JAPAN AIとCONOC、建設業向けAIエージェント提供開始
JAPAN AI株式会社が、CONOCとの共同開発によって、建設業向けのAIエージェント「ゲンバフォトAI」と「ゲンチョウAI」の提供を2026年9月1日より開始するというニュースを発表しました。この新しいAIエージェントは、建設業界における日常業務を効率化し、現場のプロセスをサポートすることを目的としています。
1. 開発の背景
日本の建設産業は市場規模が52兆円に達する一方、デジタルトランスフォーメーション(DX)の導入は20.7%、AI活用率もわずか9.4%と、先進国と比較して遅れを取っている現状があります。この理由には、高齢化や人手不足、2024年4月から施行される時間外労働の上限規制が影響しており、業務の効率化が急務とされています。
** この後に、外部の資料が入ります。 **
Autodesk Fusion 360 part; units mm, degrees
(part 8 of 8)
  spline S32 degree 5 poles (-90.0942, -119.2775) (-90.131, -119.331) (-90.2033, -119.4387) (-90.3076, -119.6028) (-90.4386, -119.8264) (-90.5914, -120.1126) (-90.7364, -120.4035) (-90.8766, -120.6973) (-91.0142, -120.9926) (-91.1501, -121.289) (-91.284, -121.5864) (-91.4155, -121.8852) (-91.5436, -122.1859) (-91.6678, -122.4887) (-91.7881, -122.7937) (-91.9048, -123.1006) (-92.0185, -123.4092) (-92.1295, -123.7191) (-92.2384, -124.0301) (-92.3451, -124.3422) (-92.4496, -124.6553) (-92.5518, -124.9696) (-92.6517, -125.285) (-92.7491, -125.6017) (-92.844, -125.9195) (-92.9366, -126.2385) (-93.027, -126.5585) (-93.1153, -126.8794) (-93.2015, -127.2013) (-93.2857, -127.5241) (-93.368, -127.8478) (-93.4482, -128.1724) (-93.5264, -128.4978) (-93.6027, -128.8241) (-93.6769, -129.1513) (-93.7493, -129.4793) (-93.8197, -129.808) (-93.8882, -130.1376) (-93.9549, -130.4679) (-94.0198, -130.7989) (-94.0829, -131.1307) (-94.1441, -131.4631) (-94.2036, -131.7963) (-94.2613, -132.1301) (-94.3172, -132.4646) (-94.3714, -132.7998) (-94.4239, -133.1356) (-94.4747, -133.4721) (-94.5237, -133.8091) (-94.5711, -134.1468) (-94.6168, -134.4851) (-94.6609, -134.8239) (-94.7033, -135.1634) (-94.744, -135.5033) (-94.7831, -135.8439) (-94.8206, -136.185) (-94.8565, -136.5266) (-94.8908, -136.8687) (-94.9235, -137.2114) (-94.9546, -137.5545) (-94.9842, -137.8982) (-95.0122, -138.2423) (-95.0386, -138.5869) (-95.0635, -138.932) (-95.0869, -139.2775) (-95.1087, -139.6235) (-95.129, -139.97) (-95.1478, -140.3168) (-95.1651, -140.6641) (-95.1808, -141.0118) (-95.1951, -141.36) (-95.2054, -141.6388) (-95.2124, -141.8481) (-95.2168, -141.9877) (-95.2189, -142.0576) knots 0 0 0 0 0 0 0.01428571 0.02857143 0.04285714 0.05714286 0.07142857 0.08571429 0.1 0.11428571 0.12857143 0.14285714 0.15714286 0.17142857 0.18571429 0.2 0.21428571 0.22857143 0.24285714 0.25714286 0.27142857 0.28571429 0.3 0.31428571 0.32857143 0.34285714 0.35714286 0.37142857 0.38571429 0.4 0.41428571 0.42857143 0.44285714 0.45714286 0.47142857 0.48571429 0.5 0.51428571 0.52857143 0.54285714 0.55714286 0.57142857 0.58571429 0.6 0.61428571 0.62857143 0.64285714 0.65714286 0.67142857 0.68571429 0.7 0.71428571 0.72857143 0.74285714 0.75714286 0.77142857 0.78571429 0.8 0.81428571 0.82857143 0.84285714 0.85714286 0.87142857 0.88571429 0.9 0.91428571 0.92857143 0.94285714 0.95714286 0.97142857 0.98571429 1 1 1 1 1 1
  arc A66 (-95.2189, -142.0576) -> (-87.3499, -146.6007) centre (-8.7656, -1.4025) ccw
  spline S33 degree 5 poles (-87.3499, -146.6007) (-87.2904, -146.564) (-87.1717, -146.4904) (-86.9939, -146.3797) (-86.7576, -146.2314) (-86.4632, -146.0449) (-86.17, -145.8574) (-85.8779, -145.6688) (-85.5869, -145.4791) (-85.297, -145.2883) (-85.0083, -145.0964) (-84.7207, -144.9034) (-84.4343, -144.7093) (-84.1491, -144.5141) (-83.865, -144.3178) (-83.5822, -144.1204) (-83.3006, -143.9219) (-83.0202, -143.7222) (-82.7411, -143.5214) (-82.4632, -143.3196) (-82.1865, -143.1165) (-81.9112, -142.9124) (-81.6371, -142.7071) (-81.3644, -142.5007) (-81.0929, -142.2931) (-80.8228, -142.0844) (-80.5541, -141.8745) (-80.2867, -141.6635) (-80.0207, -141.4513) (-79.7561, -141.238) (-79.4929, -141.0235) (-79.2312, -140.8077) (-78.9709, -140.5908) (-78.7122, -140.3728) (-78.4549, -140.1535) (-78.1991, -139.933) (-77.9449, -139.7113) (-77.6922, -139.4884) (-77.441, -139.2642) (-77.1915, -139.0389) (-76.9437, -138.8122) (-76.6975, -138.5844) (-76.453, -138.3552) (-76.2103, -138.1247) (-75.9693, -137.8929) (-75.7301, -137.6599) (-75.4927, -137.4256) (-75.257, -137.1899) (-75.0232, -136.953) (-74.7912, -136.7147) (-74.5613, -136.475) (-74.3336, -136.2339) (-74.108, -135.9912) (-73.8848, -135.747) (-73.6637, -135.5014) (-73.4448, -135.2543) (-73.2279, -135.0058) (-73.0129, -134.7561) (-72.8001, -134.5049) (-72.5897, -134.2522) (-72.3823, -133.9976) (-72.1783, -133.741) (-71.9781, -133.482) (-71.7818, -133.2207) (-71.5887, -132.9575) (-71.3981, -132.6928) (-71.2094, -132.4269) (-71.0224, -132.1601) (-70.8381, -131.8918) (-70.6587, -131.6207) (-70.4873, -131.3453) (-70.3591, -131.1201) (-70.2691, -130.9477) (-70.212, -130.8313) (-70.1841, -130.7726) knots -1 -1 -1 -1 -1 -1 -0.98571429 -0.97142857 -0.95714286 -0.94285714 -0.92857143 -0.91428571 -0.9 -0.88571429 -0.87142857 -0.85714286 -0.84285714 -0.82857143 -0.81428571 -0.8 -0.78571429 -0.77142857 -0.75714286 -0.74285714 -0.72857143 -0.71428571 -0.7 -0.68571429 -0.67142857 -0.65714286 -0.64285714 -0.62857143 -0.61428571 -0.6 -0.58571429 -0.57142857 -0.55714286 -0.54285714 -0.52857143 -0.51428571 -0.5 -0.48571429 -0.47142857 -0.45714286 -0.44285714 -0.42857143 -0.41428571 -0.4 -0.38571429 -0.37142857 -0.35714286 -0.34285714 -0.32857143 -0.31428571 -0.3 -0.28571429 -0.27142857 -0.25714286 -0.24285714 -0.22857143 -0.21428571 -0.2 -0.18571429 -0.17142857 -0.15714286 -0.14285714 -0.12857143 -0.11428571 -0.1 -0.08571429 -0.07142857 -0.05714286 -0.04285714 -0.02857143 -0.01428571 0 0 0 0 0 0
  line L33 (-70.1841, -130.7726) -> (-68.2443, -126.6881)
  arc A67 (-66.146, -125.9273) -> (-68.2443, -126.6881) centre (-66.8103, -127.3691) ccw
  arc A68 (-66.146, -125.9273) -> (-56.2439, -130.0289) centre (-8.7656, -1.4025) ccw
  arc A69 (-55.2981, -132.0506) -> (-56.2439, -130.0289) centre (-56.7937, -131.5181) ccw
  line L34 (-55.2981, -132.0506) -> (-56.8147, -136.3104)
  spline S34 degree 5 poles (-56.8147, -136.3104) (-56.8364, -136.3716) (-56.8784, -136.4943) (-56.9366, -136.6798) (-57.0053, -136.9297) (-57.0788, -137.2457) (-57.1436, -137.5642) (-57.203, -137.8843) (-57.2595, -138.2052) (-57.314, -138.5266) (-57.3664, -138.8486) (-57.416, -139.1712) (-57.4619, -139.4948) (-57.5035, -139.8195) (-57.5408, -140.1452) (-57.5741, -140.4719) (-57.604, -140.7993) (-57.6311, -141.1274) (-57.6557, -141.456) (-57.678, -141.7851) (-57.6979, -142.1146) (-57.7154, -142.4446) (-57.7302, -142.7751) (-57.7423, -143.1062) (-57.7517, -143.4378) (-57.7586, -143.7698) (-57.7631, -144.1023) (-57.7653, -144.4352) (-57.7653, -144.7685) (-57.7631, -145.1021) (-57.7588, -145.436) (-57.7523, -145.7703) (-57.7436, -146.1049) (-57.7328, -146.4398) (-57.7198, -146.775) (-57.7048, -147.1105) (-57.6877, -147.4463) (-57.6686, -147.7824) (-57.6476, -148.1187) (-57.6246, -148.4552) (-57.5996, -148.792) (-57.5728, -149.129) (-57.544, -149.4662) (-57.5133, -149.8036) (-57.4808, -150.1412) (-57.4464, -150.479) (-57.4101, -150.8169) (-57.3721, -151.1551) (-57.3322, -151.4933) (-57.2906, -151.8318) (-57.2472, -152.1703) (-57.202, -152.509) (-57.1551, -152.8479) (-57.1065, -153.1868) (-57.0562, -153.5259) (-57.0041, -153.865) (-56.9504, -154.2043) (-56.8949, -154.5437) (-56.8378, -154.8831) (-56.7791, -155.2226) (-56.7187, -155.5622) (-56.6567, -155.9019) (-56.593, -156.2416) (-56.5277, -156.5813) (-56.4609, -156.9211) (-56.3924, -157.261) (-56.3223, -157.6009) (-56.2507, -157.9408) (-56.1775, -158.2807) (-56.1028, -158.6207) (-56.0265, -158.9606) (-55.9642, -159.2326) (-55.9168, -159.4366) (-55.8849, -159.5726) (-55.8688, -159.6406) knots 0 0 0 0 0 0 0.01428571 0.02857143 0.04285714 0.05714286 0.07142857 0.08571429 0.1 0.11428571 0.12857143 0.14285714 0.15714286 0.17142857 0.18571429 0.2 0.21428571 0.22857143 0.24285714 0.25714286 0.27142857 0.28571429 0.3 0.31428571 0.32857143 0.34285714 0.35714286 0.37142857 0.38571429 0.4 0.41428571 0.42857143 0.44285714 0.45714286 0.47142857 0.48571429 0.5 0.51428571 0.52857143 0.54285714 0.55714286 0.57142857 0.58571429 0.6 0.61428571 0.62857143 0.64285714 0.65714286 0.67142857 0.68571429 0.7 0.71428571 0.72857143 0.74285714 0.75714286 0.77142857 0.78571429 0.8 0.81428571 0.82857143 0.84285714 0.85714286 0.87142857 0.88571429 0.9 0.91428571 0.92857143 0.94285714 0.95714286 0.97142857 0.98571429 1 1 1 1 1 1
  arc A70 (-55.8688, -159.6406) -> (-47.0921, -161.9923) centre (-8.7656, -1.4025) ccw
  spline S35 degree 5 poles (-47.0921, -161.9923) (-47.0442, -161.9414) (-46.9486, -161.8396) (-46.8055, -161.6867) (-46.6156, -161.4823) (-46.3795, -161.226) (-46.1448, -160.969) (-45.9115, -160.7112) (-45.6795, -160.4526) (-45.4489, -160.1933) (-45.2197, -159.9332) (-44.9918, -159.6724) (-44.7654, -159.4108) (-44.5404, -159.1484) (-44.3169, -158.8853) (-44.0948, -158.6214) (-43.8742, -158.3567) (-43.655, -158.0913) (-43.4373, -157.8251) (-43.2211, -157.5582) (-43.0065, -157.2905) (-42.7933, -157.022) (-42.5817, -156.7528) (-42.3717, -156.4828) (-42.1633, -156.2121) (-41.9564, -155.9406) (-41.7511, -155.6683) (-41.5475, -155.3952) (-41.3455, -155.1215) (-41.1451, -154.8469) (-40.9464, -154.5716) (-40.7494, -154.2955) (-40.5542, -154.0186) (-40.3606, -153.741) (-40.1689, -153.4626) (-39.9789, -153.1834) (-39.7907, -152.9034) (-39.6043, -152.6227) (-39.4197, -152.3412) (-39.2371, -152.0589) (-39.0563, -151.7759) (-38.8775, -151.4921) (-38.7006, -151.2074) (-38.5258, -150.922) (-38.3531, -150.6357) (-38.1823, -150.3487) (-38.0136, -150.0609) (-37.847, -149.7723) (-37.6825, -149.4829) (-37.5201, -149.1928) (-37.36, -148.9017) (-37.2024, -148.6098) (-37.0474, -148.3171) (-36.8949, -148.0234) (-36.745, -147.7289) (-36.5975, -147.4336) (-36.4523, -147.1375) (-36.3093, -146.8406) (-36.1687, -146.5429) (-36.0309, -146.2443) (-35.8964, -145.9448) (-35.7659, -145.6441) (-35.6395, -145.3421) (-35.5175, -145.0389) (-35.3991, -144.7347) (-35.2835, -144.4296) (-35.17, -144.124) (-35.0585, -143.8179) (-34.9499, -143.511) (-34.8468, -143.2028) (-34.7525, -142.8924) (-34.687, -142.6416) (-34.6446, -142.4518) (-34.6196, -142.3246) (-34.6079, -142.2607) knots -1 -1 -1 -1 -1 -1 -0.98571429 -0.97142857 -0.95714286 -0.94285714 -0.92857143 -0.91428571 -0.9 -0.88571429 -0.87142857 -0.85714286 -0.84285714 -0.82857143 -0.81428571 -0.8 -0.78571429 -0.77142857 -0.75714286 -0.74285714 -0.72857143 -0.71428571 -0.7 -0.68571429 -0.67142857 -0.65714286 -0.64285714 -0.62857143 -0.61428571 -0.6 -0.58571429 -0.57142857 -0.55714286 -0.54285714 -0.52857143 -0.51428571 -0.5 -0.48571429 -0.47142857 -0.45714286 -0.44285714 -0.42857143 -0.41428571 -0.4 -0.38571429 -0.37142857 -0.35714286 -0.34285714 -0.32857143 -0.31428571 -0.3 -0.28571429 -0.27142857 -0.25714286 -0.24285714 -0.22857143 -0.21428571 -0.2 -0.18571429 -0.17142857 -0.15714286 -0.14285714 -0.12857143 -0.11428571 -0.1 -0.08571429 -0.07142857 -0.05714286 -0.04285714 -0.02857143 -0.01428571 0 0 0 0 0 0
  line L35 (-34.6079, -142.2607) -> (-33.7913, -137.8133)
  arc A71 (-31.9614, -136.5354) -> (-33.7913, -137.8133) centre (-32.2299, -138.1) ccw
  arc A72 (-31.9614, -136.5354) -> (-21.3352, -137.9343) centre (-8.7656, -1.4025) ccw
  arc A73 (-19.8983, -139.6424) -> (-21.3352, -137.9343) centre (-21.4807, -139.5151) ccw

特に建設現場では、写真の整理や現地調査の記録といった地味な作業に多くの時間が割かれています。これらの業務を自動化するためには、業界特有の知識を反映させたAIが不可欠です。JAPAN AIは、2026年3月31日にCONOCに出資し、建設業向けAIエージェントの開発へと結びつきました。
2. 開発内容の詳細
「ゲンバフォトAI」と「ゲンチョウAI」は、それぞれ異なるニーズに応えるために設計されています。
ゲンバフォトAI
このAIエージェントは、建設現場で撮影された写真をアップロードすることで、AIが工種や撮影タイミングを判定します。また、写真内の工事黒板の内容も解析し、写真台帳を自動で作成します。これにより、現場で写真を管理する手間を大幅に軽減することが可能です。台帳は後からも編集でき、業務負担を軽減する助けとなるでしょう。
ゲンチョウAI
「ゲンチョウAI」は現地調査において、録音した音声や手入力の情報を元に報告書の下書きを作成します。記録漏れを防ぐため、必要な記録項目を提示する機能を持っており、作成された調査シートはExcelやPDF形式で出力可能です。このエージェントは、工務店や内装・リフォーム業者を対象としており、今後もその対応を拡大していく予定です。
3. ビジネスの展望
JAPAN AIは、CONOCが持つノウハウと自社のAI開発基盤を融合させることで、特定産業向けのAIエージェントを短期間で実装することが可能になりました。代表取締役社長の工藤智昭氏は、生成AIの実装は単に導入するだけではなく、業務の中に組み込むことで真の価値が生まれると述べています。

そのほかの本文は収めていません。